Dat wist iedereen, want Wim stak zijn liefde niet onder stoelen of banken en had altijd wel een grappig verhaal paraat.

In de overdenking vertelde dominee Sybrand van Dijk dat Wim in zijn geloof een enorme groei had doorgemaakt.
Hij kwam nog uit de tijd dat de gereformeerde kerk pretendeerde het enige, ware geloof te zijn.
Ook het Godsbeeld en het omgaan met de eindigheid van het leven was in de loop van de jaren nogal veranderd; daarover was hij heel open en sprak hij ook met andere mensen.
We zongen o.a. “Licht dat ons aanstoot in de morgen’, een lied van Huub Oosterhuis.
Oosterhuis was belangrijk voor Wim en Gré; de voorganger haalde woorden aan uit zijn rouwadvertentie die Gré destijds had uitgeknipt.  “Hij maakte oude woorden nieuw en gaf ons taal om nu gelovig te leven.”
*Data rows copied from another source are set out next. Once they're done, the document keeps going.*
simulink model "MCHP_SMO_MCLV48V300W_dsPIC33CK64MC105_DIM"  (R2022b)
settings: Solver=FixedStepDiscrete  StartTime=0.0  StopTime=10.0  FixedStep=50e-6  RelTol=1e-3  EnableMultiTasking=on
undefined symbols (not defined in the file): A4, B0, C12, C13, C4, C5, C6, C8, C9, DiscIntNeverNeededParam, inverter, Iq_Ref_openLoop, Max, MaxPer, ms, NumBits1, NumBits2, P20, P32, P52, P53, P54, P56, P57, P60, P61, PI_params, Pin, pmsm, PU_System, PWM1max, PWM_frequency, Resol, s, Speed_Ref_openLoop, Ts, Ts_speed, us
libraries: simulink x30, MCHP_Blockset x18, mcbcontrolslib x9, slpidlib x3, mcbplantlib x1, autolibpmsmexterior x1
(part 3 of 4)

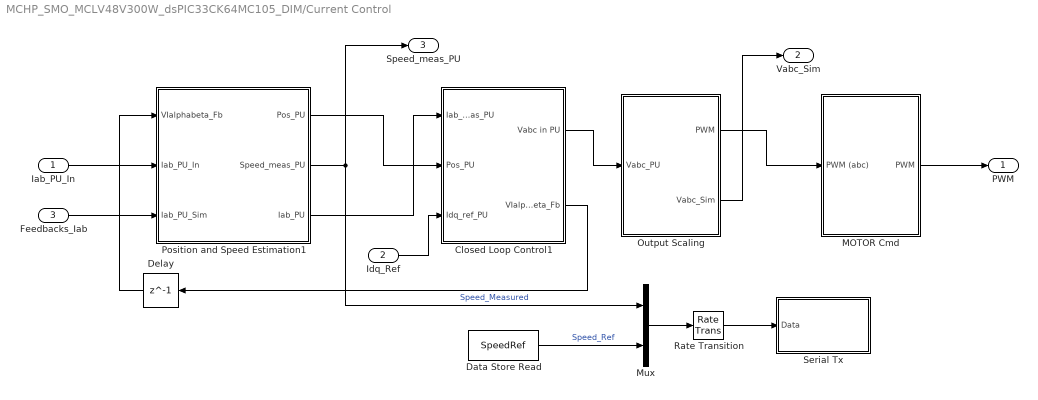
== system MCHP_SMO_MCLV48V300W_dsPIC33CK64MC105_DIM/Current Control ==
  Iab_PU_In : Inport
  Idq_Ref : Inport  Port=2
  Feedbacks_Iab : Inport  Port=3
  Closed Loop Control1 : Subsystem
  Data Store Read : DataStoreRead  DataStoreName=SpeedRef  IndexOptions=Index vector (dialog)  Indices=1  OutputSizes=1
  Delay : Delay  DelayLength=1
  MOTOR Cmd : Subsystem
  Mux : Mux  Inputs=2
  Output Scaling : Subsystem
  Position and Speed Estimation1 : Subsystem
  Rate Transition : RateTransition  Integrity=off  Deterministic=off  OutPortSampleTime=Ts*100
  Serial Tx : Subsystem
  PWM : Outport
  Vabc_Sim : Outport  Port=2
  Speed_meas_PU : Outport  Port=3
  wires:
  Output Scaling/1(PWM) -> MOTOR Cmd/1(PWM (abc))
  Closed Loop Control1/1(Vabc in PU) -> Output Scaling/1(Vabc_PU)
  MOTOR Cmd/1(PWM) -> PWM/1
  Iab_PU_In/1 -> Position and Speed Estimation1/2(Iab_PU_In)
  Closed Loop Control1/2(VIalphabeta_Fb) -> Delay/1
  Delay/1 -> Position and Speed Estimation1/1(VIalphabeta_Fb)
  Idq_Ref/1 -> Closed Loop Control1/3(Idq_ref_PU)
  Position and Speed Estimation1/1(Pos_PU) -> Closed Loop Control1/2(Pos_PU)
  Position and Speed Estimation1/3(Iab_PU) -> Closed Loop Control1/1(Iab_meas_PU)
  Feedbacks_Iab/1 -> Position and Speed Estimation1/3(Iab_PU_Sim)
  Output Scaling/2(Vabc_Sim) -> Vabc_Sim/1
  Data Store Read/1 -> Mux/2  "Speed_Ref"
  Rate Transition/1 -> Serial Tx/1(Data)
  Position and Speed Estimation1/2(Speed_meas_PU) -> Mux/1, Speed_meas_PU/1  "Speed_Measured"
  Mux/1 -> Rate Transition/1

== system MCHP_SMO_MCLV48V300W_dsPIC33CK64MC105_DIM/Inverter and Motor ==
  Duty_Cycles : Inport
  Codegeneration : Subsystem
  Simulation : Subsystem
  Variant Sink : VariantSink
  Variant Source : VariantSource
  Feedbacks_Iab : Outport  VectorParamsAs1DForOutWhenUnconnected=off
  wires:
  Codegeneration/1(Feedbacks_Iab) -> Variant Source/1
  Variant Sink/1 -> Codegeneration/1(Duty_Cycles)
  Simulation/1(Feedbacks_Iab) -> Variant Source/2
  Variant Sink/2 -> Simulation/1(Duty_Cycles)
  Variant Source/1 -> Feedbacks_Iab/1
  Duty_Cycles/1 -> Variant Sink/1

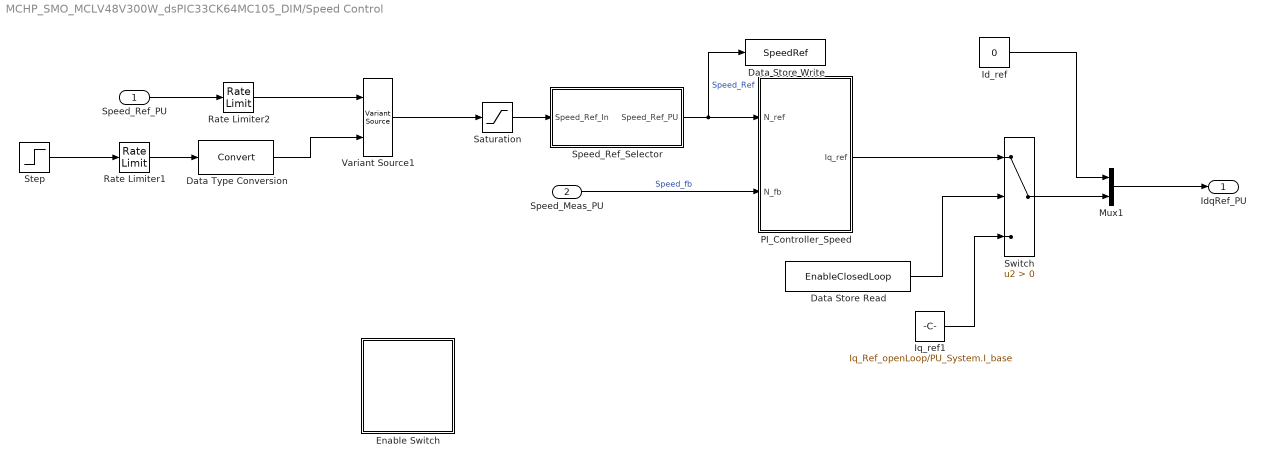
== system MCHP_SMO_MCLV48V300W_dsPIC33CK64MC105_DIM/Speed Control ==
  Speed_Ref_PU : Inport
  Speed_Meas_PU : Inport  Port=2
  Data Store Read : DataStoreRead  DataStoreName=EnableClosedLoop  IndexOptions=Index vector (dialog)  Indices=1  OutputSizes=1
  Data Store Write : DataStoreWrite  DataStoreName=SpeedRef  IndexOptions=Index vector (dialog)  Indices=1  OutputSizes=1
  Data Type Conversion : DataTypeConversion  SaturateOnIntegerOverflow=off  RndMeth=Floor
  Enable Switch : Subsystem  Variant=on  VariantControlMode=sim codegen switching
  Id_ref : Constant  Value=0  OutDataTypeStr=dataType  SampleTime=Ts_speed
  Iq_ref1 : Constant  Value=Iq_Ref_openLoop/PU_System.I_base  OutDataTypeStr=dataType  SampleTime=Ts_speed
  Mux1 : Mux  Inputs=2
  PI_Controller_Speed : Subsystem
  Rate Limiter1 : RateLimiter  RisingSlewLimit=0.5  FallingSlewLimit=-0.2  SampleTimeMode=inherited
  Rate Limiter2 : RateLimiter  RisingSlewLimit=0.5  FallingSlewLimit=-0.2  SampleTimeMode=inherited
  Saturation : Saturate  UpperLimit=(pmsm.N_max/PU_System.N_base)  LowerLimit=Speed_Ref_openLoop/PU_System.N_base
  Speed_Ref_Selector : Subsystem
  Step : Step  Time=5.5  Before=Speed_Ref_openLoop/PU_System.N_base
  Switch : Switch  Criteria=u2 > Threshold  SaturateOnIntegerOverflow=off  InputSameDT=off
  Variant Source1 : VariantSource
  IdqRef_PU : Outport  VectorParamsAs1DForOutWhenUnconnected=off
  wires:
  PI_Controller_Speed/1(Iq_ref) -> Switch/1
  Saturation/1 -> Speed_Ref_Selector/1(Speed_Ref_In)
  Data Store Read/1 -> Switch/2
  Iq_ref1/1 -> Switch/3
  Mux1/1 -> IdqRef_PU/1
  Speed_Ref_PU/1 -> Rate Limiter2/1
  Switch/1 -> Mux1/2
  Speed_Ref_Selector/1(Speed_Ref_PU) -> Data Store Write/1, PI_Controller_Speed/1(N_ref)  "Speed_Ref"
  Id_ref/1 -> Mux1/1
  Speed_Meas_PU/1 -> PI_Controller_Speed/2(N_fb)  "Speed_fb"
  Rate Limiter1/1 -> Data Type Conversion/1
  Data Type Conversion/1 -> Variant Source1/2
  Step/1 -> Rate Limiter1/1
  Rate Limiter2/1 -> Variant Source1/1
  Variant Source1/1 -> Saturation/1

== system MCHP_SMO_MCLV48V300W_dsPIC33CK64MC105_DIM/Triggered Subsystem ==
  Trigger : TriggerPort  TriggerType=falling  VariantControl=Variant
  Data Store Write : DataStoreWrite  DataStoreName=Enable  IndexOptions=Index vector (dialog)  Indices=1  OutputSizes=1
  Delay : Delay  DelayLength=1  InitialCondition=0
  NOT : Logic  Operator=NOT  IconShape=distinctive  AllPortsSameDT=off  OutDataTypeStr=boolean
  wires:
  NOT/1 -> Data Store Write/1, Delay/1
  Delay/1 -> NOT/1

== system MCHP_SMO_MCLV48V300W_dsPIC33CK64MC105_DIM/BOARD MCLV-48V-300W dsPIC33CK64MC105 MC DIM/ADC ==
  ADC dsPIC High Speed SAR Motor Currents : MCHP_Blockset/Analog IO/ADC dsPIC High Speed SAR  ACLKCON=Optimized for PWM resolution & ADC conversion speed  ADC_FRACT=Fractional (left aligned)  ADC_NRE=off  DMA_Size=Single trigger - (default)  ADC_Synchronisation=Triggered by custom source  ADC_Trig=Dynamic Options  ADC_Trig_TXT=PWM1 Trigger 1  ADC_TrigTimeStep=Trig model step after all sample from this block are converted  ADC_TrigInfo=0  SampleTime=50e-6  S_INPUT=[]  S_INPUT_Size=[]  S_OUTPUT="[5  5]"  S_OUTPUT_Size="[1  1]"  S_ListCustomDatatype=S.S_ListCustomDatatype={};  MCHP_USER_INTERRUPTS={ADCAN-1}{ADCBUF-1}{ADC Data -1 Ready}{VectorName(ADCAN-1Interrupt) Priority(-1) RegisterReadClear(ADCBUF-1)Config_BitSet(ADIELbits.IE-1) };{ADCAN0}{ADCBUF0}{ADC Data 0 Ready}{VectorName(ADCAN0Interrupt) Priority(-1) RegisterReadClear(ADCBUF0)Config_BitSet(ADIELbits.IE0) };  MCHP_PORT={Analog Input 0}{AN0}15:2:A0;{Analog Input 1}{AN1}15:2:B2;  MCHP_MASTERLINK=MCHP_SMO_MCLV48V300W_dsPIC33CK64MC105_DIM/BOARD MCLV-48V-300W dsPIC33CK64MC105 MC DIM/Microchip Master  MCHP_CRC=3793139  ADC_Info=Total Time = 1.32(us)  ADC0_pin=Dynamic Options  ADC0_pin_TXT=Not used  ADC0_R="< 5    kOhm"  ADC0_res=12 bits  ADC0_signed=signed 16 bits  ADC0_FILTER=No Oversampling  ADC0_FILTER_nSamples=256 samples  ADC0_STRGEN=End sampling and start conversion  ADC0_STRGEN_on=Start sampling followed by conversion  ADC0_SSAMPEN=off  ADC0_Info=tSmp_min=20(ns) x 0 = 0(s) ; tConv=210(ns) x 0 = 0(s) ; TOTAL=0(s)  ADC1_pin=Dynamic Options  ADC1_pin_TXT=Not used  ADC1_R="< 5    kOhm"  ADC1_res=12 bits  ADC1_signed=signed 16 bits  ADC1_FILTER=No Oversampling  ADC1_FILTER_nSamples=128 samples  ADC1_STRGEN=End sampling and start conversion  ADC1_STRGEN_on=Start sampling followed by conversion  ADC1_SSAMPEN=off  ADC1_Info=tSmp_min=260(ns) x 0 = 0(s) ; tConv=370(ns) x 1 = 370(ns) ; TOTAL=380(ns)  ADC2_pin=Dynamic Options  ADC2_pin_TXT=Not used  ADC2_R="< 5    kOhm"  ADC2_res=12 bits  ADC2_signed=signed 16 bits  ADC2_FILTER=No Oversampling  ADC2_FILTER_nSamples=256 samples  ADC2_STRGEN=End sampling and start conversion  ADC2_STRGEN_on=Start sampling followed by conversion  ADC2_SSAMPEN=on  ADC2_Info=tSmp_min=14.706(ns) x 0 = 0(s) ; tConv=154.41(ns) x 0 = 0(s) ; TOTAL=0(s)  ADC3_pin=Dynamic Options  ADC3_pin_TXT=Not used  ADC3_R="< 10   kOhm"  ADC3_res=12 bits  ADC3_signed=signed 16 bits  ADC3_FILTER=Burst convert of n samples are Summed  ADC3_FILTER_nSamples=64 samples  ADC3_STRGEN=End sampling and start conversion  ADC3_STRGEN_on=Start sampling followed by conversion  ADC3_SSAMPEN=on  ADC3_Info=tSmp_min=14.706(ns) x 0 = 0(s) ; tConv=154.41(ns) x 0 = 0(s) ; TOTAL=0(s)  ADC4_pin=Dynamic Options  ADC4_pin_TXT=Not used  ADC4_R=< 200 Ohm  ADC4_res=12 bits  ADC4_signed=unsigned 16 bits  ADC4_FILTER=No Oversampling  ADC4_FILTER_nSamples=256 samples  ADC4_STRGEN=End sampling and start conversion  ADC4_STRGEN_on=Start sampling followed by conversion  ADC4_SSAMPEN=off  ADC4_Info=tSmp_min=14.706(ns) x 0 = 0(s) ; tConv=154.41(ns) x 0 = 0(s) ; TOTAL=0(s)  ADC5_pin=Dynamic Options  ADC5_pin_TXT=Not used  ADC5_R=< 200 Ohm  ADC5_res=12 bits  ADC5_signed=unsigned 16 bits  ADC5_FILTER=Burst convert of n samples are Summed  ADC5_FILTER_nSamples=256 samples  ADC5_STRGEN=End sampling and start conversion  ADC5_STRGEN_on=Start sampling followed by conversion  ADC5_SSAMPEN=on  ADC5_Info=tSmp_min=14.706(ns) x 0 = 0(s) ; tConv=154.41(ns) x 0 = 0(s) ; TOTAL=0(s)  ADC6_pin=Dynamic Options  ADC6_pin_TXT=Not used  ADC6_R=< 200 Ohm  ADC6_res=12 bits  ADC6_signed=unsigned 16 bits  ADC6_FILTER=Burst convert of n samples are Summed  ADC6_FILTER_nSamples=256 samples  ADC6_STRGEN=End sampling and start conversion  ADC6_STRGEN_on=Start sampling followed by conversion  ADC6_SSAMPEN=on  ADC6_Info=tSmp_min=14.706(ns) x 0 = 0(s) ; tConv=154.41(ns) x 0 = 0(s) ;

Toen hij te horen had gekregen dat hij nog maar enkele maanden te leven had, berustte hij in zijn lot, maar hij behield de regie. Hij stelde zich voor dat hij zijn lichaam zou afleggen en dat hij zou worden ontvangen in het licht. “Want” zei hij “er is mij een nieuwe wereld beloofd. En als dat niet zo is, dan hebben ze me flink belazerd.”
Op z’n Wims; niet altijd citeerbaar.

Het laatste lied dat we zongen was ‘Ga met God en Hij zal met je zijn’.
Links naast mij zongen Gerard en Fokke de tenorpartij en Truus de sopraan, aan de andere kant van mij zong Jaap (cantorij-bas) de baspartij en ik zong de alt. Zo deden we, als een klein stukje Catharinacantorij, meerstemmig zingend, onze koorvriend uitgeleide.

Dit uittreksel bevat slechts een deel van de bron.